» **Task prompt**
Whenever a line in the records below holds the string "design", copy it out.

» **Extracted material**
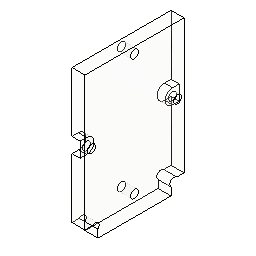
AssemblyThrowerNew v12 (Autodesk Fusion 360 archive; units mm, degrees)
design "RampBack"
Autodesk Fusion 360 part; units mm, degrees
sketch "Sketch1" plane through (0, 0, 0) normal (1, 0, 0) x (0, 1, 0)
  line L0 (-18.3, 27.3) -> (18.3, 27.3)
  line L1 (18.3, 27.3) -> (18.3, -22.3)
  line L2 (13.5, -27.3) -> (-13.5, -27.3)
  line L3 (-18.3, -22.3) -> (-18.3, 27.3)
  line L4 (0, 0) -> (0, 27.3) construction
  line L5 (-13.5, 27.3) -> (-13.5, -22.3) construction
  line L6 (13.5, 27.3) -> (13.5, -22.3) construction
  line L7 (-18.3, 22.5) -> (18.3, 22.5) construction
  line L8 (-18.3, -17.5) -> (18.3, -17.5) construction
  line L9 (-13.5, -22.3) -> (13.5, -22.3) construction
  line L10 (-18.3, 2.5) -> (18.3, 2.5) construction
  line L11 (0, 0) -> (0, -19.9) construction
  circle A0 centre (0, -19.9) radius 1.5
  circle A1 centre (-15.9, 2.5) radius 1.5
  circle A2 centre (15.9, 2.5) radius 1.5
  circle A3 centre (0, 24.9) radius 1.5
  line L12 (-18.3, -22.3) -> (-15.6213, -22.3)
  line L13 (-13.5, -24.4213) -> (-13.5, -27.3)
  line L14 (13.5, -24.4213) -> (13.5, -27.3)
  line L15 (15.6213, -22.3) -> (18.3, -22.3)
  line L16 (-18.3, -27.3) -> (-18.3, -22.3) construction
  line L17 (-13.5, -27.3) -> (-18.3, -27.3) construction
  line L18 (18.3, -27.3) -> (13.5, -27.3) construction
  line L19 (0, 0) -> (18.3, 0)
  line L20 (18.3, -22.3) -> (18.3, -27.3) construction
  line L21 (-13.5, -22.3) -> (-14.5607, -23.3607) construction
  arc A4 (-13.5, -24.4213) -> (-15.6213, -22.3) centre (-14.5607, -23.3607) ccw
  arc A5 (-15.6213, -22.3) -> (-13.5, -24.4213) centre (-14.5607, -23.3607) ccw construction
  line L22 (-13.5, -22.3) -> (-13.5, -24.4213) construction
  line L23 (-15.6213, -22.3) -> (-13.5, -22.3) construction
  line L24 (13.5, -22.3) -> (14.5607, -23.3607) construction
  arc A6 (15.6213, -22.3) -> (13.5, -24.4213) centre (14.5607, -23.3607) ccw
  arc A7 (13.5, -24.4213) -> (15.6213, -22.3) centre (14.5607, -23.3607) ccw construction
  line L25 (13.5, -22.3) -> (15.6213, -22.3) construction
  line L26 (13.5, -22.3) -> (13.5, -24.4213) construction
  line L27 (-15.9, -0.25) -> (-18.3, -0.25)
  line L28 (-15.9, 5.25) -> (-18.3, 5.25)
  arc A8 (-15.9, -0.25) -> (-15.9, 5.25) centre (-15.9, 2.5) ccw
  arc A9 (-15.9, 5.25) -> (-18.3, 3.8426) centre (-15.9, 2.5) ccw construction
  arc A10 (-18.3, 3.8426) -> (-18.3, 1.1574) centre (-15.9, 2.5) ccw construction
  arc A11 (-18.3, 1.1574) -> (-15.9, -0.25) centre (-15.9, 2.5) ccw construction
  line L29 (15.9, 5.25) -> (18.3, 5.25)
  line L30 (15.9, -0.25) -> (18.3, -0.25)
  arc A12 (15.9, -0.25) -> (15.9, 5.25) centre (15.9, 2.5) ccw construction
  arc A13 (14.7544, 0) -> (15.9, -0.25) centre (15.9, 2.5) ccw
  arc A14 (13.5, 1.1574) -> (14.7544, 0) centre (15.9, 2.5) ccw
  arc A15 (13.15, 2.5) -> (13.5, 1.1574) centre (15.9, 2.5) ccw
  arc A16 (13.5, 3.8426) -> (13.15, 2.5) centre (15.9, 2.5) ccw
  arc A17 (15.9, 5.25) -> (13.5, 3.8426) centre (15.9, 2.5) ccw
  point P0 (18.3, 0)
  dimension "d20" = 4.8
  dimension "d21" = 4.8
  dimension "d22" = 4.8
  dimension "d23" = 27
  dimension "d24" = 4.8
  dimension "d25" = 5
  dimension "d26" = 40
  dimension "d27" = 20
  dimension "d28" = 2.4
  dimension "d29" = 3
  dimension "d30" = 3
  dimension "d31" = 3
  dimension "d32" = 3
  dimension "d33" = 2.4
  dimension "d34" = 2.4
  dimension "d35" = 2.4
  dimension "d38" = 2.5
  dimension "d39" = 1.5
  dimension "d40" = 45
  dimension "d41" = 3
  dimension "d42" = 1.5
  dimension "d43" = 45
  dimension "d44" = 3
  dimension "d45" = 5.5
  dimension "d46" = 5.5
  constraint horizontal L0
  constraint vertical L1
  constraint horizontal L2
  constraint vertical L3
  constraint coincident L4.start L11.start
  constraint midpoint L0 L4.end
  constraint vertical L4
  constraint coincident L0 L5.start
  constraint perpendicular L2 L5
  constraint coincident L0 L6.start
  constraint perpendicular L2 L6
  constraint coincident L3 L7.start
  constraint coincident L1 L7.end
  constraint perpendicular L1 L7
  constraint coincident L3 L8.start
  constraint coincident L1 L8.end
  constraint perpendicular L1 L8
  constraint perpendicular L1 L9
  constraint coincident L3 L10.start
  constraint coincident L1 L10.end
  constraint perpendicular L1 L10
  constraint perpendicular L8 L11
  constraint coincident L11.end A0.centre
  constraint coincident L10 A1.centre
  constraint coincident L10 A2.centre
  constraint coincident L4 A3.centre
  constraint perpendicular L1 L12
  constraint perpendicular L2 L13
  constraint perpendicular L2 L14
  constraint perpendicular L1 L15
  constraint vertical L16
  constraint horizontal L17
  constraint horizontal L18
  constraint coincident L1 P0
  constraint coincident P0 L19.end
  constraint perpendicular L1 L19
  constraint vertical L20
  constraint coincident L21.end A4.centre
  constraint concentric A4 A5
  constraint perpendicular L2 L22
  constraint perpendicular L1 L23
  constraint coincident L24.end A6.centre
  constraint concentric A6 A7
  constraint perpendicular L1 L25
  constraint perpendicular L2 L26
  constraint concentric A1 A8
  constraint coincident L3 L27.end
  constraint tangent L27 A8
  constraint horizontal L27
  constraint coincident L3 L28.end
  constraint perpendicular L3 L28
  constraint tangent L28 A8
  constraint coincident L3 A9.end
  constraint concentric A8 A9
  constraint coincident L3 A10.end
  constraint concentric A8 A10
  constraint concentric A8 A11
  constraint concentric A2 A12
  constraint coincident L1 L29.end
  constraint perpendicular L1 L29
  constraint tangent L29 A12
  constraint coincident L1 L30.end
  constraint horizontal L30
  constraint tangent L30 A12
  constraint coincident L19 A13.start
  constraint concentric A12 A13
  constraint coincident L6 A14.start
  constraint concentric A12 A14
  constraint coincident L10 A15.start
  constraint concentric A12 A15
  constraint coincident L6 A16.start
  constraint concentric A12 A16
  constraint concentric A12 A17
  measures "d20" distance of L3 L5
  measures "d21" distance of L1 L6
  measures "d22" distance of L0 L7
  measures "d23" distance of L5 L6
  measures "d24" distance of L8 L9
  measures "d25" distance of L2 L9
  measures "d26" distance of L7 L8
  measures "d27" distance of L7 L10
  measures "d28" distance of L8 L11.end
  measures "d29" diameter of A0
  measures "d30" diameter of A1
  measures "d31" diameter of A2
  measures "d32" diameter of A3
  measures "d33" distance of L0 A3.centre
  measures "d34" distance of L3 A1.centre
  measures "d35" distance of L1 A2.centre
  measures "d38" distance of L10 P0
  measures "d39" distance of L5.end L21.end
  measures "d40" angle of L12 L21
  measures "d41" diameter of A4
  measures "d42" distance of L6.end L24.end
  measures "d43" angle of L15 L24
  measures "d44" diameter of A6
  measures "d45" diameter of A8
  measures "d46" diameter of A12
extrude "Extrude1" add sketch "Sketch1" along normal blind 4.8
extrude "Extrude2" cut sketch "Sketch1" along normal blind 3 contours L3 L27 L28 A8 | L1 L19 L29 A14 A15 A16 A17 | L1 L19 L30 A13

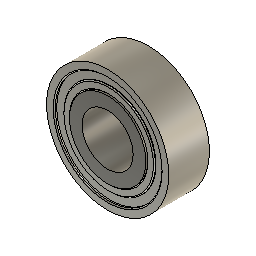
design "RollerBearing12x5x4"
Autodesk Fusion 360 part; units mm, degrees
sketch "Sketch1" plane through (0, 0, 0) normal (0, 1, 0) x (1, 0, 0)
  circle A0 centre (0, 0) radius 2.5
  circle A1 centre (0, 0) radius 3.75
  circle A2 centre (0, 0) radius 6
  circle A3 centre (0, 0) radius 5.25
  circle A4 centre (0, 0) radius 4.5
  dimension "d1" = 5
  dimension "d2" = 7.5
  dimension "d3" = 12
  dimension "d4" = 10.5
  dimension "d13" = 9
  constraint coincident A0.centre A1.centre
  constraint concentric A1 A2
  constraint concentric A1 A3
  constraint concentric A2 A4
  measures "d1" diameter of A0
  measures "d2" diameter of A1
  measures "d3" diameter of A2
  measures "d4" diameter of A3
  measures "d13" diameter of A4
extrude "Extrude1" add sketch "Sketch1" along normal blind 4 contours A2 | A3 | A4 makes body 1
extrude "Extrude2" add sketch "Sketch1" along normal blind 4 separate body contours A1 makes body 2
extrude "Extrude3" cut sketch "Sketch1" along normal blind 0.25 contours A3 bodies 1
sketch "Sketch2" plane through (0, 4, 0) normal (0, 1, 0) x (-1, 0, 0)
  circle A0 centre (0, 0) radius 3.75
  circle A1 centre (0, 0) radius 6
  circle A2 centre (0, 0) radius 5.25
  circle A3 centre (0, 0) radius 4.5
extrude "Extrude4" cut sketch "Sketch2" against normal blind 0.25 contours A2 bodies 1
extrude "Extrude5" cut 1 faces at (4.2193, 0, 0.4099) along direction (0, 1, 0) blind 0.1 on bodies 1 bodies 1
extrude "Extrude6" cut 1 faces at (-4.2193, 4, -0.4099) along direction (0, -1, 0) blind 0.1 on bodies 1 bodies 1
fillet "Fillet2" radius 0.1 6 edges at (-3.4962, 3.9, 1.3561) (4.1955, 3.9, 1.6273) (4.8947, 4, 1.8985) (-4.8947, 0, 1.8985) (-4.1955, 0.1, 1.6273) (-3.4962, 0.1, -1.3561) on bodies 1

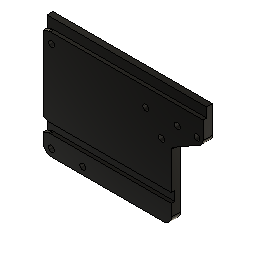
design "ThrowerStatorSidePlate"
Autodesk Fusion 360 part; units mm, degrees
sketch "Sketch1" plane through (0, 0, 0) normal (0, 1, 0) x (1, 0, 0)
  circle A0 centre (0, 0) radius 48 construction
  circle A1 centre (0, 0) radius 14 construction
  circle A2 centre (0, 0) radius 9.5 construction
  circle A3 centre (0, 0) radius 8 construction
  line L0 (0, 0) -> (8, 0) construction
  line L1 (0, 0) -> (0, -9.5) construction
  line L2 (0, 0) -> (-8, 0) construction
  line L3 (0, 0) -> (0, 9.5) construction
  circle A4 centre (8, 0) radius 1.5
  circle A5 centre (-8, 0) radius 1.5
  circle A6 centre (0, 9.5) radius 1.5
  circle A7 centre (0, 0) radius 12 construction
  line L4 (8, 0) -> (18, 0) construction
  line L5 (21.1, 0) -> (19.55, 2.6847) construction
  line L6 (19.55, 2.6847) -> (16.45, 2.6847) construction
  line L7 (16.45, 2.6847) -> (14.9, 0) construction
  line L8 (14.9, 0) -> (16.45, -2.6847) construction
  line L9 (16.45, -2.6847) -> (19.55, -2.6847) construction
  line L10 (19.55, -2.6847) -> (21.1, 0) construction
  circle A8 centre (18, 0) radius 3.1 construction
  circle A9 centre (18, 0) radius 1.5
  line L11 (0, 52) -> (-68, 52) construction
  line L12 (-9.7468, 47) -> (-68, 47) construction
  line L13 (-68, 52) -> (-68, 47) construction
  line L14 (-68, 47) -> (-68, 35.633) construction
  line L15 (-68, 35.633) -> (-32.1604, 35.633) construction
  line L16 (-68, 35.633) -> (-68, 30.833) construction
  line L17 (-68, 30.833) -> (-36.7876, 30.833) construction
  line L18 (-68, 30.833) -> (-68, -9.167) construction
  line L19 (-60, -9.167) -> (-47.1165, -9.167)
  line L20 (-68, -9.167) -> (-68, -13.967) construction
  line L21 (-68, -13.967) -> (-45.923, -13.967) construction
  line L22 (-60, -13.967) -> (-60, 35.633)
  line L23 (5.9333, 10.4305) -> (19.5328, 2.6945)
  line L24 (-60, -13.967) -> (21.1, -13.967)
  line L25 (21.1, -13.967) -> (21.1, 0)
  arc A10 (21.1, 0) -> (19.5328, 2.6945) centre (18, 0) ccw
  line L26 (-57, 35.633) -> (5, 35.633)
  line L27 (5, 35.633) -> (5, 11.8322)
  arc A11 (5.9333, 10.4305) -> (5.7778, 10.5175) centre (0, 0) ccw
  arc A12 (5, 11.8322) -> (5.7778, 10.5175) centre (6.5, 11.8322) ccw
  arc A13 (5.7778, 10.5175) -> (7.9656, 11.513) centre (6.5, 11.8322) ccw construction
  arc A14 (5.4445, 12.898) -> (5, 11.8322) centre (6.5, 11.8322) ccw construction
  arc A15 (7.9656, 11.513) -> (5.4445, 12.898) centre (6.5, 11.8322) ccw construction
  line L28 (5, 11.8322) -> (5, 10.9087) construction
  arc A16 (5.7778, 10.5175) -> (5, 10.9087) centre (0, 0) ccw construction
  line L29 (-57, 30.833) -> (5, 30.833)
  line L30 (-47.1165, -9.167) -> (21.1, -9.167)
  line L31 (-60, 35.633) -> (-60, 45.633)
  line L32 (-60, 45.633) -> (5, 45.633)
  line L33 (5, 45.633) -> (5, 35.633)
  circle A17 centre (-56, 42) radius 1.5
  circle A18 centre (-40, 42) radius 1.5
  line L34 (-40, 42) -> (0, 0) construction
  circle A19 centre (-55.8448, -4.167) radius 1.5
  line L35 (0, 0) -> (-55.8448, -4.167) construction
  line L36 (-68, -9.167) -> (-60, -9.167) construction
  line L37 (-57, -9.167) -> (-60, -8.167)
  line L38 (-57, -9.167) -> (-57, 30.833) construction
  line L39 (-57, 30.833) -> (-57, 35.633) construction
  line L40 (-57, 30.833) -> (-60, 29.833)
  line L41 (-57, 35.633) -> (-60, 36.633)
  line L42 (-60, 35.633) -> (-57, 35.633) construction
  line L43 (-60, 30.833) -> (-57, 30.833) construction
  point P0 (18, 0)
  point P1 (-33.1034, 34.7586)
  point P2 (-47.8669, -3.5717)
  dimension "d1" = 96
  dimension "d2" = 28
  dimension "d3" = 19
  dimension "d4" = 16
  dimension "d5" = 3
  dimension "d6" = 3
  dimension "d7" = 3
  dimension "d8" = 24
  dimension "d9" = 18
  dimension "d10" = 3.1
  dimension "d11" = 60
  dimension "d12" = 3
  dimension "d13" = 52
  dimension "d14" = 68
  dimension "d15" = 68
  dimension "d18" = 5
  dimension "d22" = 16.367
  dimension "d23" = 4.8
  dimension "d24" = 40
  dimension "d25" = 4.8
  dimension "d26" = 8
  dimension "d27" = 3.1
  dimension "d28" = 5
  dimension "d33" = 12
  dimension "d34" = 3
  dimension "d35" = 10
  dimension "d36" = 3
  dimension "d37" = 12
  dimension "d38" = 5
  dimension "d39" = 3
  dimension "d40" = 5
  dimension "d41" = 10
  dimension "d42" = 3
  dimension "d43" = 5
  dimension "d44" = 8
  dimension "d54" = 1
  dimension "d55" = 3
  dimension "d56" = 1
  dimension "d57" = 1
  constraint coincident A0.centre A1.centre
  constraint concentric A1 A3
  constraint coincident A3 L0.end
  constraint horizontal L0
  constraint coincident A2 L1.end
  constraint perpendicular L0 L1
  constraint coincident A3 L2.end
  constraint perpendicular L1 L2
  constraint coincident A2 L3.end
  constraint perpendicular L2 L3
  constraint coincident L0.end A4.centre
  constraint coincident L2.end A5.centre
  constraint coincident L3.end A6.centre
  constraint concentric A2 A7
  constraint parallel L0 L4
  constraint coincident P0 L4.end
  constraint coincident L8.end A8
  constraint horizontal L11
  constraint coincident A0 L12.start
  constraint parallel L11 L12
  constraint perpendicular L12 L13
  constraint perpendicular L12 L14
  constraint coincident A0 L15.end
  constraint perpendicular L14 L15
  constraint perpendicular L15 L16
  constraint coincident A0 L17.end
  constraint perpendicular L16 L17
  constraint perpendicular L17 L18
  constraint coincident A0 L19.end
  constraint perpendicular L18 L19
  constraint perpendicular L19 L20
  constraint coincident A0 L21.end
  constraint perpendicular L20 L21
  constraint coincident L21 L22.start
  constraint coincident L15 L22.end
  constraint perpendicular L15 L22
  constraint coincident A7 L23.start
  constraint coincident A8 L23.end
  constraint tangent A8 L23
  constraint tangent A7 L23
  constraint perpendicular L22 L24
  constraint tangent A8 L25
  constraint perpendicular L22 L26
  constraint coincident A7 L28.end
  constraint vertical L27
  constraint tangent L27 A13
  constraint tangent A11 A13
  constraint coincident A7 A11.end
  constraint concentric A12 A13
  constraint coincident A1 A13.end
  constraint coincident A1 A14.start
  constraint concentric A13 A14
  constraint concentric A13 A15
  constraint vertical L28
  constraint concentric A11 A16
  constraint coincident L27 L29.end
  constraint perpendicular L27 L29
  constraint coincident L25 L30.end
  constraint perpendicular L25 L30
  constraint perpendicular L15 L31
  constraint perpendicular L27 L32
  constraint perpendicular L26 L33
  constraint coincident A18.centre L34.start
  constraint coincident A0 P1
  constraint coincident L34 P1
  constraint coincident A19.centre L35.end
  constraint coincident L35 P2
  constraint coincident A0 P2
  constraint coincident L22 L19.start
  constraint perpendicular L18 L36
  constraint coincident L22 L43.start
  constraint coincident L17.end L29
  constraint coincident L19 L37.start
  constraint coincident L22 L37.end
  constraint coincident L17 L29.start
  constraint coincident L15 L26.start
  constraint coincident L22 L40.end
  constraint coincident L31 L41.end
  constraint vertical L38
  constraint vertical L39
  measures "d1" diameter of A0
  measures "d2" diameter of A1
  measures "d3" diameter of A2
  measures "d4" diameter of A3
  measures "d5" diameter of A4
  measures "d6" diameter of A5
  measures "d7" diameter of A6
  measures "d8" diameter of A7
  measures "d9" distance of A0.centre P0
  measures "d10" distance of L5.start P0
  measures "d11" angle of L4 L8
  measures "d12" diameter of A9
  measures "d13" distance of A0.centre L11
  measures "d14" horizontal distance of A0.centre L11.end
  measures "d15" distance of L11.start L11.end
  measures "d18" distance of L11 L12
  measures "d22" distance of L11 L15
  measures "d23" distance of L14.end L16.end
  measures "d24" distance of L16.end L18.end
  measures "d25" distance of L18.end L20.end
  measures "d26" distance of L18 L22
  measures "d27" radius of A10
  measures "d28" horizontal distance of A0.centre L26.end
  measures "d33" radius of A11
  measures "d34" diameter of A13
  measures "d35" distance of L15 L32
  measures "d36" diameter of A17
  measures "d37" distance of L14 A17.centre
  measures "d38" distance of L12 A17.centre
  measures "d39" diameter of A18
  measures "d40" distance of L12 A18.centre
  measures "d41" distance of A18.centre P1
  measures "d42" diameter of A19
  measures "d43" distance of L19 A19.centre
  measures "d44" distance of A19.centre P2
  measures "d54" distance of L19.start L37.end L3
  measures "d55" distance of L31 L26.start
  measures "d56" distance of L22.end L41.end L3
  measures "d57" distance of L43.start L40.end L3
extrude "Extrude1" add sketch "Sketch1" along normal blind 4.8
fillet "Fillet1" radius 4 2 edges at (5, 2.4, -45.633) (-60, 2.4, -45.633)
extrude "Extrude2" cut sketch "Sketch1" along normal blind 1.8 contours L19 L22 L37 | L19 L22 L24 L25 L30 | L22 L26 L27 L29 L31 L40 L41
fillet "Fillet2" radius 3 3 edges at (-57, 0.9, -35.633) (-57, 0.9, -30.833) (-57, 0.9, 9.167)

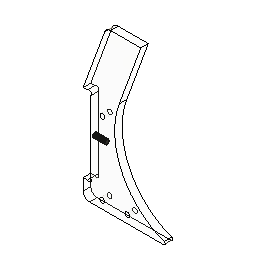
design "RampNew"
Autodesk Fusion 360 part; units mm, degrees
sketch "Sketch1" plane through (0, 0, 0) normal (0, 1, 0) x (1, 0, 0)
  line L0 (0, 0) -> (-48, 0) construction
  line L1 (-48, 0) -> (-68, 0) construction
  line L2 (0, 0) -> (0, 52) construction
  line L3 (-9.7468, 47) -> (-68, 47)
  line L4 (-68, 47) -> (-68, 0) construction
  line L5 (-45.1052, -16.417) -> (-31.4244, -54.0047)
  line L6 (-53.4275, -54.0047) -> (-68, -54.0047) construction
  line L7 (-68, -54.0047) -> (-68, 0) construction
  line L8 (-53.4275, -54.0047) -> (-68, -13.967)
  line L9 (-100, 35.633) -> (-100, 30.833) construction
  line L10 (-100, 30.833) -> (0, 30.833) construction
  line L11 (0, 0) -> (0, -9.167) construction
  line L12 (0, -9.167) -> (-100, -9.167) construction
  line L13 (-100, -9.167) -> (-100, -13.967) construction
  line L14 (0, -13.967) -> (0, -9.167) construction
  line L15 (-100, -9.167) -> (-100, 30.833) construction
  arc A0 (-9.7468, 47) -> (-45.1052, -16.417) centre (0, 0) ccw
  arc A1 (-45.1052, -16.417) -> (0, 48) centre (0, 0) ccw construction
  arc A2 (0, 48) -> (-9.7468, 47) centre (0, 0) ccw construction
  line L16 (-31.4244, -54.0047) -> (-53.4275, -54.0047)
  line L17 (-63.2, 35.633) -> (-63.2, -13.967)
  line L18 (0, 35.633) -> (-63.2, 35.633) construction
  line L19 (-68, 35.633) -> (-100, 35.633) construction
  line L20 (-65.3213, 35.633) -> (-68, 35.633)
  line L21 (-68, 47) -> (-68, 35.633)
  line L22 (-100, -13.967) -> (-68, -13.967) construction
  line L23 (-63.2, -13.967) -> (0, -13.967) construction
  line L24 (-68, -13.967) -> (-65.3213, -13.967)
  line L25 (0, 0) -> (-40, 42) construction
  line L26 (-40, 42) -> (-40, 47) construction
  circle A3 centre (-40, 42) radius 1.5
  circle A4 centre (-56, 42) radius 1.5
  line L27 (0, 0) -> (-55.8448, -4.167) construction
  line L28 (-55.8448, -4.167) -> (-55.8448, -9.167) construction
  circle A5 centre (-55.8448, -4.167) radius 1.5
  line L29 (-100, 10.833) -> (-63.2, 10.833) construction
  line L30 (-63.2, 10.833) -> (-55.2, 10.833) construction
  line L31 (-55.2, 9.333) -> (-55.2, 12.333) construction
  line L32 (-64.2607, -12.9063) -> (-63.2, -13.967) construction
  arc A6 (-65.3213, -13.967) -> (-63.2, -11.8457) centre (-64.2607, -12.9063) ccw
  arc A7 (-63.2, -11.8457) -> (-65.3213, -13.967) centre (-64.2607, -12.9063) ccw construction
  line L33 (-65.3213, -13.967) -> (-63.2, -13.967) construction
  line L34 (-63.2, 35.633) -> (-64.2607, 34.5723) construction
  arc A8 (-63.2, 33.5117) -> (-65.3213, 35.633) centre (-64.2607, 34.5723) ccw
  arc A9 (-65.3213, 35.633) -> (-63.2, 33.5117) centre (-64.2607, 34.5723) ccw construction
  line L35 (-63.2, 35.633) -> (-65.3213, 35.633) construction
  point P0 (-68, -13.967)
  point P1 (-33.1034, 34.7586)
  point P2 (-47.8669, -3.5717)
  point P3 (-100, 10.833)
  point P4 (-55.2, 10.833)
  dimension "d1" = 96
  dimension "d2" = 20
  dimension "d3" = 52
  dimension "d4" = 5
  dimension "d5" = 40
  dimension "d6" = 70
  dimension "d8" = 4.8
  dimension "d9" = 16.367
  dimension "d10" = 100
  dimension "d11" = 4.8
  dimension "d12" = 40
  dimension "d14" = 4.8
  dimension "d15" = 5
  dimension "d16" = 10
  dimension "d17" = 3
  dimension "d18" = 3
  dimension "d19" = 12
  dimension "d20" = 5
  dimension "d21" = 8
  dimension "d22" = 5
  dimension "d23" = 3
  dimension "d24" = 8
  dimension "d25" = 3
  dimension "d43" = 3
  dimension "d44" = 1.5
  dimension "d45" = 45
  dimension "d46" = 1.5
  dimension "d47" = 45
  constraint coincident L0.start L2.start
  constraint coincident L0.end A0
  constraint horizontal L0
  constraint parallel L0 L1
  constraint perpendicular L0 L2
  constraint parallel L1 L3
  constraint perpendicular L1 L4
  constraint tangent L5 A0
  constraint perpendicular L4 L6
  constraint perpendicular L1 L7
  constraint coincident L7 P0
  constraint parallel L5 L8
  constraint coincident L2 L18.start
  constraint perpendicular L2 L18
  constraint perpendicular L9 L18
  constraint coincident L2 L10.end
  constraint perpendicular L2 L10
  constraint perpendicular L0 L11
  constraint perpendicular L9 L12
  constraint perpendicular L12 L13
  constraint perpendicular L13 L22
  constraint perpendicular L12 L14
  constraint perpendicular L10 L15
  constraint coincident P0 L22
  constraint coincident L8 P0
  constraint coincident L2 A1.end
  constraint concentric A0 A1
  constraint concentric A0 A2
  constraint perpendicular L4 L16
  constraint coincident L17.start L18.end
  constraint coincident L17.end L22
  constraint perpendicular L17 L22
  constraint coincident L4 L19.start
  constraint parallel L10 L19
  constraint collinear L18 L20
  constraint collinear L23 L24
  constraint coincident L3 L26.end
  constraint perpendicular L3 L26
  constraint coincident L25 P1
  constraint coincident A0 P1
  constraint coincident L25.end L26.start
  constraint coincident L12 L28.end
  constraint perpendicular L12 L28
  constraint coincident A0 P2
  constraint coincident L27 P2
  constraint coincident L27.end L28.start
  constraint midpoint L15 P3
  constraint coincident P3 L29.start
  constraint midpoint L17 L29.end
  constraint perpendicular L17 L30
  constraint perpendicular L30 L31
  constraint midpoint L31 P4
  constraint coincident P4 L30.end
  constraint coincident L32.start A6.centre
  constraint coincident L17 A6.end
  constraint concentric A6 A7
  constraint collinear L23 L33
  constraint coincident L34.end A8.centre
  constraint coincident L17.start A8
  constraint coincident L17 A8.start
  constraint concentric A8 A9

» **Result of this exercise**
design "RampBack"
design "RollerBearing12x5x4"
design "ThrowerStatorSidePlate"
design "RampNew"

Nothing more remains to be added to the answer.